Pejabat Kementan Buat Laporan Keuangan Fiktif Bisa Dipidana

Aldiano Rifki
Aldiano Rifki
Diperbarui 24 Mei 2024 17:04 WIB
Wakil Ketua KPK, Alexander Marwata (Foto: Dok MI/Aswan)
Wakil Ketua KPK, Alexander Marwata (Foto: Dok MI/Aswan)

Jakarta, MI - Pejabat Kementerian Pertanian (Kementan) yang membuat laporan keuangan fiktif secara normatif seharusnya dipidana. Adapun pejabat Kementan mengaku terpaksa membuat Surat Perintah Perjalanan Dinas (SPPD) fiktif untuk mendapatkan uang guna memenuhi permintaan pribadi eks Menteri Pertanian Syahrul Yasin Limpo (SYL). 

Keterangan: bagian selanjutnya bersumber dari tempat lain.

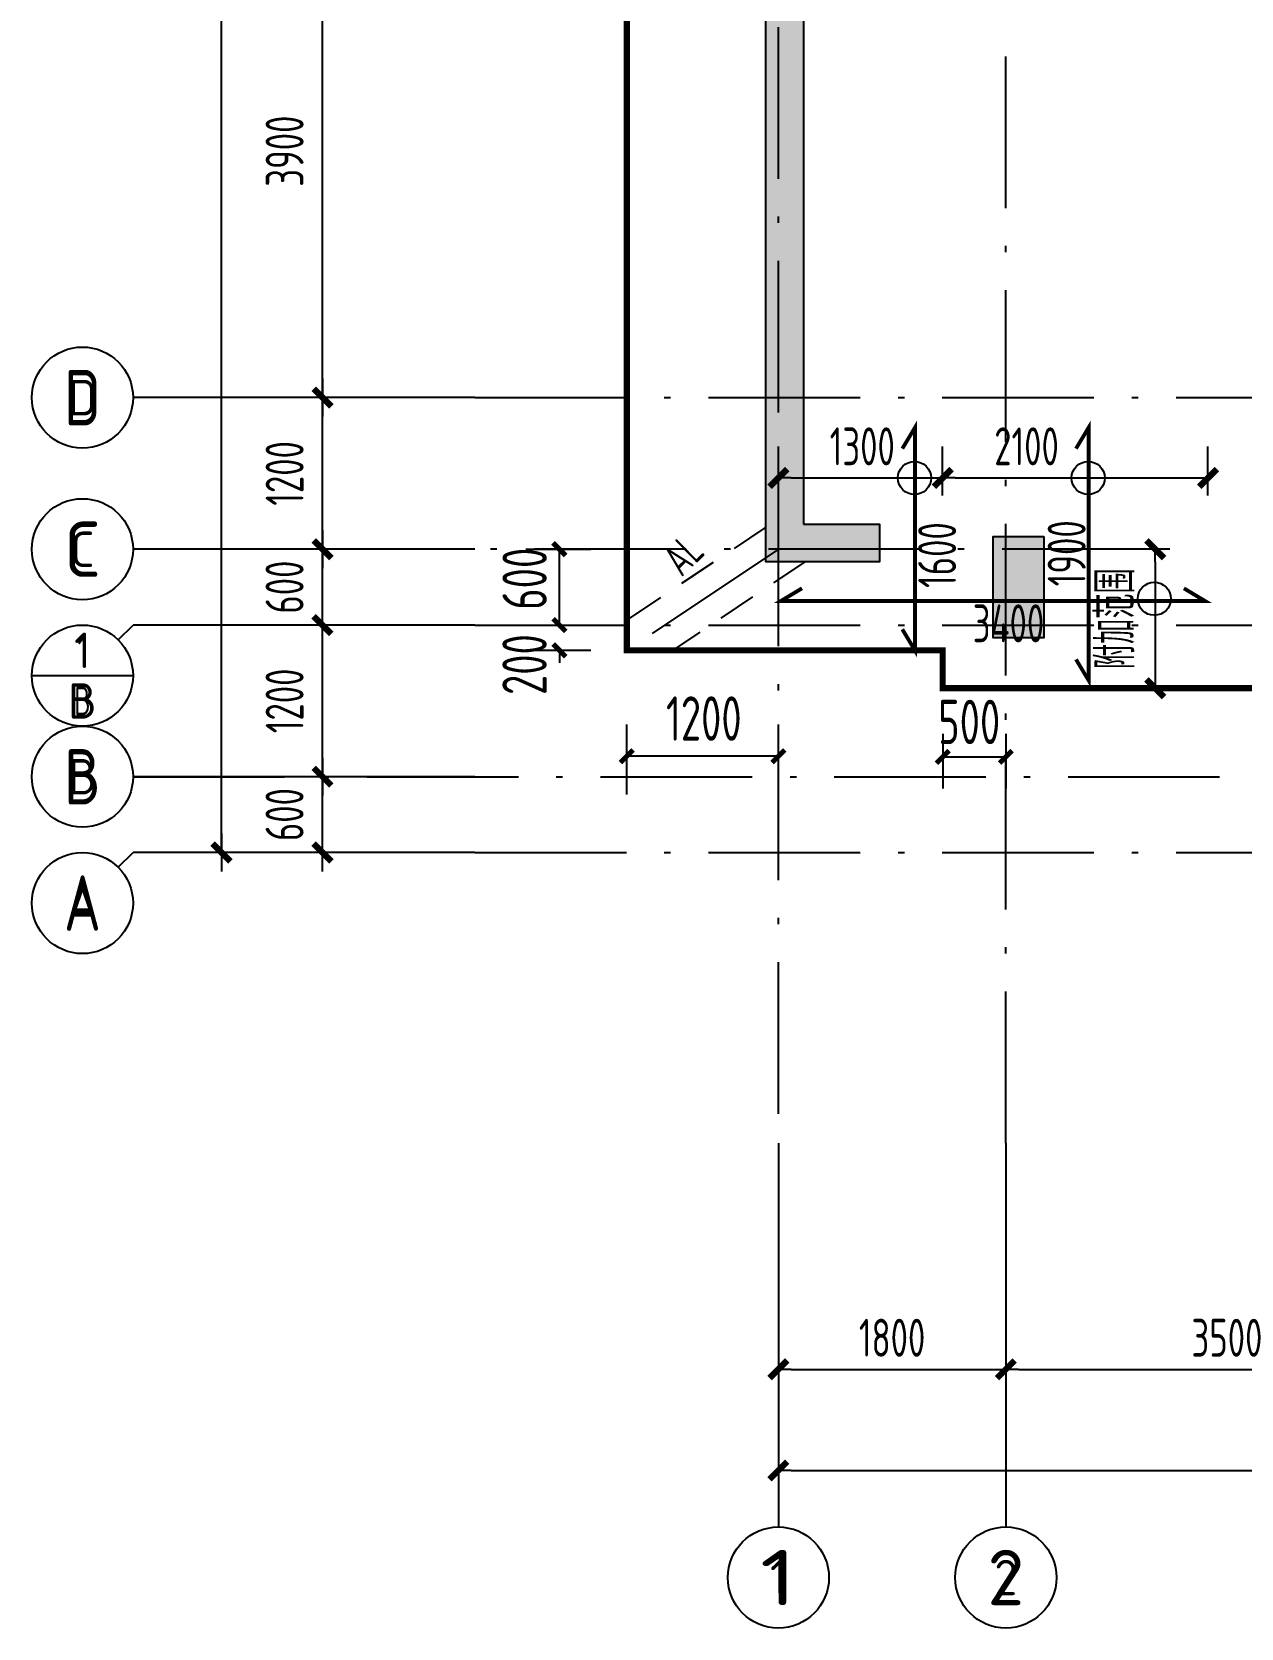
# Model space of a CAD drawing. Extents: x 627893 to 789462, y -407363 to 145317.
# Drawn here: x 663888 to 673458, y -66292 to -53661 of the extents above; entities that cross this region are included whole.
import ezdxf
from ezdxf.enums import TextEntityAlignment as Align

# ---------------------------------------------------------------- set-up
doc = ezdxf.new("R2010")
doc.units = 0
doc.header["$LTSCALE"] = 100
doc.linetypes.add('2', pattern=[18.5, 12, -3, 0.5, -3])
doc.linetypes.add('3', pattern=[5, 3, -2])
doc.layers.get('0').update_dxf_attribs({"linetype": 'CONTINUOUS'})
doc.layers.get('Defpoints').update_dxf_attribs({"linetype": 'CONTINUOUS'})
for name, color, linetype in [('1508', 2, 'CONTINUOUS'), ('AXIS', 3, 'CONTINUOUS'), ('AXIS_TEXT', 7, 'CONTINUOUS'), ('DIM', 3, 'CONTINUOUS'), ('dim-wall', 7, 'CONTINUOUS'), ('dote', 253, 'CONTINUOUS'), ('HATCH', 254, 'CONTINUOUS'), ('THIN', 7, 'CONTINUOUS'), ('板底钢筋', 24, 'CONTINUOUS'), ('柱', 2, 'CONTINUOUS'), ('梁__实线', 4, 'CONTINUOUS'), ('楼板负筋文字', 7, 'CONTINUOUS'), ('砼墙', 3, 'CONTINUOUS')]:
    doc.layers.add(name, color=color, linetype=linetype)
doc.styles.add('_TCH_AXIS', font='tssdeng.shx', dxfattribs={"width": 0.7, "bigfont": 'tssdchn.shx'})
doc.styles.add('CADReader_TextStyle', font='tssdeng.shx', dxfattribs={"height": 0.2, "bigfont": 'gbcbig.shx'})
doc.styles.add('COMPLEX', font='tssdeng.shx', dxfattribs={"width": 0.7, "bigfont": 'tssdchn.shx'})
doc.styles.add('dim_font', font='tssdeng.shx', dxfattribs={"width": 0.7, "bigfont": 'tssdchn.shx'})
doc.styles.add('Jgcad-DIM', font='tssdeng.shx', dxfattribs={"width": 0.7, "bigfont": 'tssdchn.shx'})
doc.styles.get("Standard").update_dxf_attribs({"font": 'tssdeng.shx', "width": 0.7, "bigfont": 'tssdchn.shx'})
doc.styles.add('TSSD_Dimension', font='Tssdeng.shx', dxfattribs={"width": 0.7, "bigfont": 'tssdchn.shx'})
doc.styles.add('TSSD_Num', font='Tssdeng.shx', dxfattribs={"width": 0.7, "bigfont": 'hztxt.shx'})
doc.dimstyles.new('DIMN', dxfattribs={"dimtxt": 300, "dimasz": 1, "dimexe": 250, "dimexo": 300, "dimgap": 150, "dimtad": 1, "dimdec": 0, "dimzin": 0, "dimdsep": 46, "dimtxsty": 'dim_font', "dimblk": '_DIMX', "dimcen": 0.09, "dimclrt": 7, "dimadec": 0, "dimazin": 0, "dimtfac": 1, "dimtdec": 0, "dimtix": 1, "dimtmove": 2, "dimatfit": 3, "dimldrblk": '_DIMX', "dimfxl": 250, "dimtolj": 1, "dimtzin": 0, "dimarcsym": 0})
doc.dimstyles.new('JGCAD_100_117', dxfattribs={"dimtxt": 351, "dimasz": 100, "dimexe": 250, "dimexo": 250, "dimgap": 100, "dimtad": 1, "dimdec": 0, "dimdsep": 46, "dimtxsty": 'Jgcad-DIM', "dimblk1": 'ARCHTICK', "dimblk2": 'ARCHTICK', "dimsah": 1, "dimcen": 0.09, "dimclre": 7, "dimclrt": 1, "dimadec": 3, "dimazin": 0, "dimtfac": 1, "dimtdec": 4, "dimtix": 1, "dimtofl": 0, "dimtmove": 2, "dimatfit": 3, "dimfxl": 1, "dimtolj": 1, "dimtzin": 0, "dimarcsym": 0})
doc.dimstyles.new('TSSD_100_100$0', dxfattribs={"dimtxt": 300, "dimasz": 100, "dimexe": 250, "dimexo": 250, "dimgap": 100, "dimtad": 1, "dimdec": 0, "dimzin": 0, "dimdsep": 46, "dimtxsty": 'TSSD_Dimension', "dimblk": '_TSDBK', "dimblk1": '_TSDBK', "dimblk2": '_TSDBK', "dimsah": 1, "dimcen": 0, "dimclrt": 7, "dimadec": 0, "dimazin": 0, "dimtfac": 1, "dimtdec": 0, "dimtix": 1, "dimtmove": 2, "dimatfit": 3, "dimldrblk": '_TSDBK', "dimfxl": 1, "dimtolj": 1, "dimtzin": 0, "dimarcsym": 0})

# ---------------------------------------------------------------- blocks, each defined once
blk = doc.blocks.new('_ArchTick')
at = {"color": 0, "linetype": 'ByBlock', "const_width": 0.4}
blk.add_lwpolyline([(-0.5, -0.5), (0.5, 0.5)], dxfattribs=at)
blk = doc.blocks.new('*D292')
at = {"layer": 'Defpoints', "color": 0}
for p in [(671097, -58967), (671596, -58967), (671596, -59398)]:
    blk.add_point(p, dxfattribs=at)
at = {"layer": 'dim-wall', "color": 7, "lineweight": -2}
for p, q in [((671097, -59217), (671097, -59648)), ((671596, -59217), (671596, -59648))]:
    blk.add_line(p, q, dxfattribs=at)
at = {"layer": 'dim-wall', "color": 0, "lineweight": -2}
blk.add_line((671097, -59398), (671596, -59398), dxfattribs=at)
at = {"layer": 'dim-wall', "color": 0, "lineweight": -2, "xscale": 100, "yscale": 100, "zscale": 100}
for p, rotation in [((671097, -59398), 180.0007662086228), ((671596, -59398), 0.0007662086228365438)]:
    blk.add_blockref('_ArchTick', p, dxfattribs=dict(at, rotation=rotation))
at = {"layer": 'dim-wall', "color": 1, "insert": (671306, -59122), "char_height": 351, "attachment_point": 5, "rotation": 0.0008, "style": 'Jgcad-DIM'}
blk.add_mtext('\\A1;500', dxfattribs=at)
blk = doc.blocks.new('*D293')
at = {"layer": 'Defpoints', "color": 0}
for p in [(667547, -58355), (668063, -58355), (667547, -58555)]:
    blk.add_point(p, dxfattribs=at)
at = {"layer": 'dim-wall', "color": 0, "lineweight": -2}
for p, q in [((668063, -58355), (668063, -58255)), ((668063, -58555), (668063, -58655))]:
    blk.add_line(p, q, dxfattribs=at)
at = {"layer": 'dim-wall', "color": 7, "lineweight": -2}
for p, q in [((667797, -58355), (668313, -58356)), ((667797, -58555), (668313, -58555))]:
    blk.add_line(p, q, dxfattribs=at)
at = {"layer": 'dim-wall', "color": 0, "lineweight": -2, "xscale": 100, "yscale": 100, "zscale": 100}
for p, rotation in [((668063, -58355), 269.9675994223521), ((668063, -58555), 89.96759942235218)]:
    blk.add_blockref('_ArchTick', p, dxfattribs=dict(at, rotation=rotation))
at = {"layer": 'dim-wall', "color": 1, "insert": (667787, -58668), "char_height": 351, "attachment_point": 5, "rotation": 89.9676, "style": 'Jgcad-DIM'}
blk.add_mtext('\\A1;200', dxfattribs=at)
blk = doc.blocks.new('_DIMX')
blk.add_line((-150, 0), (150, 0))
at = {"const_width": 50}
blk.add_lwpolyline([(-70, -70), (70, 70)], dxfattribs=at)
blk = doc.blocks.new('*D294')
at = {"layer": 'AXIS', "color": 0, "lineweight": -2}
for p, q in [((667093, -59555), (665938, -59555)), ((666188, -59554), (666188, -59553)), ((666188, -60155), (666188, -59555)), ((667093, -60155), (665938, -60155)), ((666188, -60156), (666188, -60157))]:
    blk.add_line(p, q, dxfattribs=at)
at = {"layer": 'Defpoints', "color": 0}
for p in [(666188, -59555), (667393, -59555), (667393, -60155)]:
    blk.add_point(p, dxfattribs=at)
at = {"layer": 'AXIS', "color": 0, "lineweight": -2}
for p, rotation in [((666188, -59555), 270), ((666188, -60155), 90)]:
    blk.add_blockref('_DIMX', p, dxfattribs=dict(at, rotation=rotation))
at = {"layer": 'AXIS', "color": 7, "insert": (665888, -59855), "char_height": 300, "attachment_point": 5, "rotation": 90, "style": 'dim_font'}
blk.add_mtext('\\A1;600', dxfattribs=at)
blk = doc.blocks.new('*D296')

Wakil Ketua Komisi Pemberantasan Korupsi (KPK) Alexander Marwata mengatakan, modus korupsi seperti itu juga dilakukan banyak instansi lain dengan cara yang mirip.  

“Apakah nanti yang bersangkutan kemudian akan kita proses juga? Ya kalau kita mendasarkan pada hukum normatif harusnya kena, dia memalsukan loh, memalsukan dokumen fiktif,” kata Alex kepada wartawan, Jumat (24/5/2024). 

Kendati, penyidik juga akan mempertimbangkan aspek keterpaksaan bawahan SYL di Kementan. KPK juga membuka peluang untuk menyerahkan temuan korupsi berjenjang itu kepada pihak Inspektorat Kementan selaku pengawas internal dan mungkin tidak berakhir di persidangan. 

“Saya juga lihat, sumber daya kita terbatas menangani perkara yang seperti itu. Ada cara lainlah untuk membuat seseorang jera tanpa harus dengan memenjarakan,” tandas Alex.

Sebelumnya, sejumlah pegawai dan pejabat Kementan yang menjadi saksi dalam persidangan dugaan pemerasan dan gratifikasi SYL mengaku terpaksa harus memenuhi sejumlah permintaan SYL. 

Banyak dari permintaan tersebut merupakan kebutuhan pribadi SYL dan tidak dianggarkan dalam dana operasional menteri. Para pejabat eselon I Kementan akhirnya patungan yang kemudian disebut dengan uang sharing. 

Karena tidak memiliki uang, mereka mengaku sampai menaikkan pajak pembiayaan hingga memalsukan perjalanan dinas. 

Sekretaris Direktorat Jenderal Prasarana dan Sarana Pertanian (Sesditjen PSP) Kementan Hermanto mengaku meminjam nama pegawai Kementan untuk membuat laporan perjalanan dinas fiktif. "Pinjam nama itu artinya dia tidak ada perjalanan dinas tapi dicairkan uangnya?" tanya Jaksa KPK, Rabu (8/5/2024). 

"Iya, untuk mengumpulkan supaya terpenuhi," kata Hermanto. 

Dalam perkara itu, Jaksa KPK menduga SYL menerima uang sebesar Rp 44,5 miliar hasil memeras anak buah dan Direktorat di Kementan untuk kepentingan pribadi dan keluarga. 

Pemerasan ini diduga dilakukan SYL dengan memerintahkan eks Direktur Alat dan Mesin Pertanian Kementan, Muhammad Hatta; dan eks Sekjen Kementan, Kasdi Subagyono; Staf Khusus Bidang Kebijakan, Imam Mujahidin Fahmid; dan ajudannya, Panji Harjanto.